When I woke up from the surgery I could not open my eyes or move my body, but I could hear the medical personnel talking about this girl who “lost” both her fallopian tubes and how sad it was because she was so young.  I remember thinking, “How many other people could have had this same surgery that I had?” Then I realized it was ME they were talking about, that I was the “poor, young girl that lost both her tubes!”
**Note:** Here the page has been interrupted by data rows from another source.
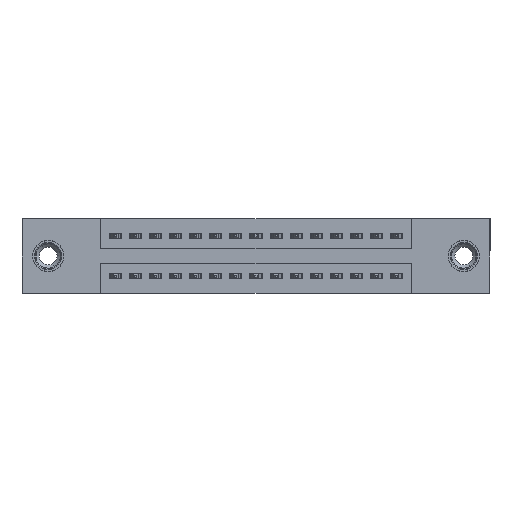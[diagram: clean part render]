
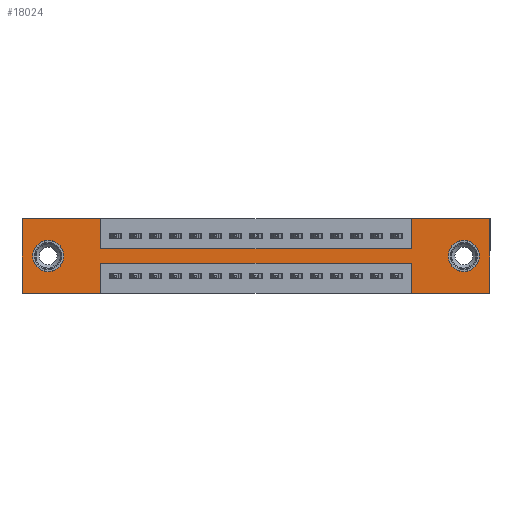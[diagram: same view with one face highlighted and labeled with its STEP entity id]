
A CAD part, front view. The second image highlights one B-rep face of the part: STEP entity #18024.
In plain terms, the highlighted planar face has unit normal (0, -1, 0).
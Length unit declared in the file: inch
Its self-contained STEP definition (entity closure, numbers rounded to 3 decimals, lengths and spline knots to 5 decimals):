
#95 = EDGE_CURVE ( 'NONE', #10896, #11611, #17291, .T. ) ;
#386 = VECTOR ( 'NONE', #6343, 39.37008 ) ;
#511 = CARTESIAN_POINT ( 'NONE',  ( 0.3925, 0., -0.15 ) ) ;
#548 = CARTESIAN_POINT ( 'NONE',  ( 0., 0., -0.37 ) ) ;
#597 = PLANE ( 'NONE',  #8467 ) ;
#616 = VECTOR ( 'NONE', #2809, 39.37008 ) ;
#659 = AXIS2_PLACEMENT_3D ( 'NONE', #12685, #3575, #14270 ) ;
#763 = ORIENTED_EDGE ( 'NONE', *, *, #14628, .T. ) ;
#870 = ORIENTED_EDGE ( 'NONE', *, *, #8961, .F. ) ;
#873 = EDGE_CURVE ( 'NONE', #12317, #12097, #8875, .T. ) ;
#941 = ORIENTED_EDGE ( 'NONE', *, *, #7421, .T. ) ;
#1272 = CARTESIAN_POINT ( 'NONE',  ( 1.9425, 0., 0. ) ) ;
#1361 = VERTEX_POINT ( 'NONE', #1272 ) ;
#1556 = ORIENTED_EDGE ( 'NONE', *, *, #95, .F. ) ;
#1581 = VERTEX_POINT ( 'NONE', #3330 ) ;
#1816 = VECTOR ( 'NONE', #4293, 39.37008 ) ;
#1974 = VERTEX_POINT ( 'NONE', #15383 ) ;
#2137 = CARTESIAN_POINT ( 'NONE',  ( 0., 0., 0. ) ) ;
#2159 = VECTOR ( 'NONE', #17485, 39.37008 ) ;
#2183 = CARTESIAN_POINT ( 'NONE',  ( 0., 0., 0. ) ) ;
#2253 = VERTEX_POINT ( 'NONE', #11572 ) ;
#2364 = DIRECTION ( 'NONE',  ( 0., 0., -1. ) ) ;
#2581 = FACE_OUTER_BOUND ( 'NONE', #16963, .T. ) ;
#2598 = ORIENTED_EDGE ( 'NONE', *, *, #15641, .F. ) ;
#2621 = EDGE_CURVE ( 'NONE', #13540, #12317, #7382, .T. ) ;
#2809 = DIRECTION ( 'NONE',  ( 0., 0., 1. ) ) ;
#3036 = DIRECTION ( 'NONE',  ( 0., 1., 0. ) ) ;
#3213 = VERTEX_POINT ( 'NONE', #7188 ) ;
#3264 = VECTOR ( 'NONE', #7946, 39.37008 ) ;
#3297 = CARTESIAN_POINT ( 'NONE',  ( 2.205, 0., -0.263 ) ) ;
#3330 = CARTESIAN_POINT ( 'NONE',  ( 0.3925, 0., -0.15 ) ) ;
#3575 = DIRECTION ( 'NONE',  ( 0., 1., 0. ) ) ;
#3689 = CARTESIAN_POINT ( 'NONE',  ( 0.3925, 0., -0.22 ) ) ;
#4272 = CARTESIAN_POINT ( 'NONE',  ( 0., 0., 0. ) ) ;
#4293 = DIRECTION ( 'NONE',  ( 1., 0., 0. ) ) ;
#4319 = DIRECTION ( 'NONE',  ( 0., 0., 1. ) ) ;
#4731 = AXIS2_PLACEMENT_3D ( 'NONE', #18222, #9071, #19755 ) ;
#5085 = DIRECTION ( 'NONE',  ( 0., 1., 0. ) ) ;
#5306 = FACE_BOUND ( 'NONE', #7783, .T. ) ;
#5507 = CIRCLE ( 'NONE', #12106, 0.078 ) ;
#5584 = EDGE_CURVE ( 'NONE', #12097, #2253, #6375, .T. ) ;
#5944 = DIRECTION ( 'NONE',  ( 0., 0., -1. ) ) ;
#6062 = VERTEX_POINT ( 'NONE', #548 ) ;
#6140 = ORIENTED_EDGE ( 'NONE', *, *, #2621, .F. ) ;
#6272 = LINE ( 'NONE', #9374, #13875 ) ;
#6343 = DIRECTION ( 'NONE',  ( -1., 0., 0. ) ) ;
#6362 = LINE ( 'NONE', #3689, #2159 ) ;
#6375 = LINE ( 'NONE', #11860, #18062 ) ;
#6454 = VERTEX_POINT ( 'NONE', #11164 ) ;
#6620 = ORIENTED_EDGE ( 'NONE', *, *, #13158, .F. ) ;
#6663 = CARTESIAN_POINT ( 'NONE',  ( 0., 0., -0.37 ) ) ;
#6697 = ORIENTED_EDGE ( 'NONE', *, *, #18364, .F. ) ;
#6918 = EDGE_CURVE ( 'NONE', #9373, #17773, #7259, .T. ) ;
#6969 = ORIENTED_EDGE ( 'NONE', *, *, #9399, .F. ) ;
#7063 = AXIS2_PLACEMENT_3D ( 'NONE', #12177, #3036, #13765 ) ;
#7188 = CARTESIAN_POINT ( 'NONE',  ( 0.13, 0., -0.107 ) ) ;
#7259 = CIRCLE ( 'NONE', #4731, 0.078 ) ;
#7382 = LINE ( 'NONE', #20006, #3264 ) ;
#7421 = EDGE_CURVE ( 'NONE', #3213, #12944, #10279, .T. ) ;
#7594 = VECTOR ( 'NONE', #13363, 39.37008 ) ;
#7615 = VECTOR ( 'NONE', #10542, 39.37008 ) ;
#7783 = EDGE_LOOP ( 'NONE', ( #941, #9011 ) ) ;
#7855 = DIRECTION ( 'NONE',  ( 0., 0., -1. ) ) ;
#7946 = DIRECTION ( 'NONE',  ( 0., 0., -1. ) ) ;
#8084 = LINE ( 'NONE', #11803, #7594 ) ;
#8467 = AXIS2_PLACEMENT_3D ( 'NONE', #17726, #11557, #2364 ) ;
#8610 = LINE ( 'NONE', #11954, #616 ) ;
#8875 = LINE ( 'NONE', #16620, #386 ) ;
#8961 = EDGE_CURVE ( 'NONE', #6454, #10397, #16502, .T. ) ;
#9011 = ORIENTED_EDGE ( 'NONE', *, *, #10238, .T. ) ;
#9071 = DIRECTION ( 'NONE',  ( 0., 1., 0. ) ) ;
#9373 = VERTEX_POINT ( 'NONE', #9824 ) ;
#9374 = CARTESIAN_POINT ( 'NONE',  ( 0.3925, 0., 0. ) ) ;
#9399 = EDGE_CURVE ( 'NONE', #6062, #10896, #16009, .T. ) ;
#9765 = CARTESIAN_POINT ( 'NONE',  ( 2.335, 0., 0. ) ) ;
#9824 = CARTESIAN_POINT ( 'NONE',  ( 2.205, 0., -0.107 ) ) ;
#10145 = EDGE_LOOP ( 'NONE', ( #15868, #763 ) ) ;
#10183 = CARTESIAN_POINT ( 'NONE',  ( 0.3925, 0., -0.37 ) ) ;
#10238 = EDGE_CURVE ( 'NONE', #12944, #3213, #5507, .T. ) ;
#10279 = CIRCLE ( 'NONE', #7063, 0.078 ) ;
#10294 = CARTESIAN_POINT ( 'NONE',  ( 1.9425, 0., -0.37 ) ) ;
#10397 = VERTEX_POINT ( 'NONE', #10183 ) ;
#10438 = CARTESIAN_POINT ( 'NONE',  ( 0.3925, 0., 0. ) ) ;
#10542 = DIRECTION ( 'NONE',  ( 1., 0., 0. ) ) ;
#10766 = ORIENTED_EDGE ( 'NONE', *, *, #12131, .F. ) ;
#10896 = VERTEX_POINT ( 'NONE', #2137 ) ;
#10941 = ORIENTED_EDGE ( 'NONE', *, *, #13484, .F. ) ;
#11137 = ORIENTED_EDGE ( 'NONE', *, *, #12667, .F. ) ;
#11164 = CARTESIAN_POINT ( 'NONE',  ( 0.3925, 0., -0.22 ) ) ;
#11389 = DIRECTION ( 'NONE',  ( 0., 0., 1. ) ) ;
#11557 = DIRECTION ( 'NONE',  ( 0., -1., 0. ) ) ;
#11572 = CARTESIAN_POINT ( 'NONE',  ( 1.9425, 0., -0.22 ) ) ;
#11611 = VERTEX_POINT ( 'NONE', #10438 ) ;
#11614 = LINE ( 'NONE', #511, #7615 ) ;
#11803 = CARTESIAN_POINT ( 'NONE',  ( 0., 0., 0. ) ) ;
#11860 = CARTESIAN_POINT ( 'NONE',  ( 1.9425, 0., -0.37 ) ) ;
#11954 = CARTESIAN_POINT ( 'NONE',  ( 1.9425, 0., 0. ) ) ;
#12097 = VERTEX_POINT ( 'NONE', #10294 ) ;
#12106 = AXIS2_PLACEMENT_3D ( 'NONE', #14220, #5085, #15776 ) ;
#12131 = EDGE_CURVE ( 'NONE', #1974, #1361, #8610, .T. ) ;
#12177 = CARTESIAN_POINT ( 'NONE',  ( 0.13, 0., -0.185 ) ) ;
#12317 = VERTEX_POINT ( 'NONE', #18415 ) ;
#12333 = VECTOR ( 'NONE', #11389, 39.37008 ) ;
#12372 = ORIENTED_EDGE ( 'NONE', *, *, #5584, .F. ) ;
#12667 = EDGE_CURVE ( 'NONE', #1581, #1974, #11614, .T. ) ;
#12685 = CARTESIAN_POINT ( 'NONE',  ( 2.205, 0., -0.185 ) ) ;
#12944 = VERTEX_POINT ( 'NONE', #17307 ) ;
#13158 = EDGE_CURVE ( 'NONE', #1361, #13540, #8084, .T. ) ;
#13363 = DIRECTION ( 'NONE',  ( 1., 0., 0. ) ) ;
#13373 = FACE_BOUND ( 'NONE', #10145, .T. ) ;
#13484 = EDGE_CURVE ( 'NONE', #10397, #6062, #14021, .T. ) ;
#13540 = VERTEX_POINT ( 'NONE', #9765 ) ;
#13765 = DIRECTION ( 'NONE',  ( 0., 0., 1. ) ) ;
#13875 = VECTOR ( 'NONE', #7855, 39.37008 ) ;
#14021 = LINE ( 'NONE', #6663, #18101 ) ;
#14220 = CARTESIAN_POINT ( 'NONE',  ( 0.13, 0., -0.185 ) ) ;
#14270 = DIRECTION ( 'NONE',  ( 0., 0., -1. ) ) ;
#14628 = EDGE_CURVE ( 'NONE', #17773, #9373, #19722, .T. ) ;
#14990 = CARTESIAN_POINT ( 'NONE',  ( 0.3925, 0., -0.37 ) ) ;
#15383 = CARTESIAN_POINT ( 'NONE',  ( 1.9425, 0., -0.15 ) ) ;
#15641 = EDGE_CURVE ( 'NONE', #2253, #6454, #6362, .T. ) ;
#15776 = DIRECTION ( 'NONE',  ( 0., 0., 1. ) ) ;
#15868 = ORIENTED_EDGE ( 'NONE', *, *, #6918, .T. ) ;
#16009 = LINE ( 'NONE', #2183, #12333 ) ;
#16331 = ORIENTED_EDGE ( 'NONE', *, *, #873, .F. ) ;
#16502 = LINE ( 'NONE', #14990, #20063 ) ;
#16620 = CARTESIAN_POINT ( 'NONE',  ( 0., 0., -0.37 ) ) ;
#16963 = EDGE_LOOP ( 'NONE', ( #870, #2598, #12372, #16331, #6140, #6620, #10766, #11137, #6697, #1556, #6969, #10941 ) ) ;
#17291 = LINE ( 'NONE', #4272, #1816 ) ;
#17307 = CARTESIAN_POINT ( 'NONE',  ( 0.13, 0., -0.263 ) ) ;
#17353 = DIRECTION ( 'NONE',  ( -1., 0., 0. ) ) ;
#17485 = DIRECTION ( 'NONE',  ( -1., 0., 0. ) ) ;
#17726 = CARTESIAN_POINT ( 'NONE',  ( 0., 0., -0.37 ) ) ;
#17773 = VERTEX_POINT ( 'NONE', #3297 ) ;
#18024 = ADVANCED_FACE ( 'NONE', ( #13373, #5306, #2581 ), #597, .T. ) ;
#18062 = VECTOR ( 'NONE', #4319, 39.37008 ) ;
#18101 = VECTOR ( 'NONE', #17353, 39.37008 ) ;
#18222 = CARTESIAN_POINT ( 'NONE',  ( 2.205, 0., -0.185 ) ) ;
#18364 = EDGE_CURVE ( 'NONE', #11611, #1581, #6272, .T. ) ;
#18415 = CARTESIAN_POINT ( 'NONE',  ( 2.335, 0., -0.37 ) ) ;
#19722 = CIRCLE ( 'NONE', #659, 0.078 ) ;
#19755 = DIRECTION ( 'NONE',  ( 0., 0., -1. ) ) ;
#20006 = CARTESIAN_POINT ( 'NONE',  ( 2.335, 0., 0. ) ) ;
#20063 = VECTOR ( 'NONE', #5944, 39.37008 ) ;

The next memory I have is being rolled into a hospital room and my husband waiting for me in the room. Then I saw my Mother gathering herself outside the doorway to prepare to come in, of course I knew why she was so upset, but they did not know that I also knew. Mother came in with Mary and also with Mary’s daughter, Judy along with Judy’s daughter Sara. Judy had grown up with me and I knew that she had been called with the news. Judy later told me she hated to come with her daughter, but did not have anyone to keep her. Judy and I had grown up together and had been there for each other through many things and now she just wanted me to know she was here for me. One of the most painful things for me was to see the hurt and pain on everyone’s face and yet none of them knew that I also knew this “secret” that they knew would devastate me.

Once they left I looked over to my husband and said “They took both of them didn’t they?” and he just nodded with tears in his eyes. At the time, I thought finding out the way I did (hearing the staff talk about me) was the worst way anyone could be told! Several years later, I realized it was God’s way of saving my husband from having to tell me this terrible news. Brian later told me he just did not know how he was going to tell me, but God took that burden away from him knowing we had many more to face.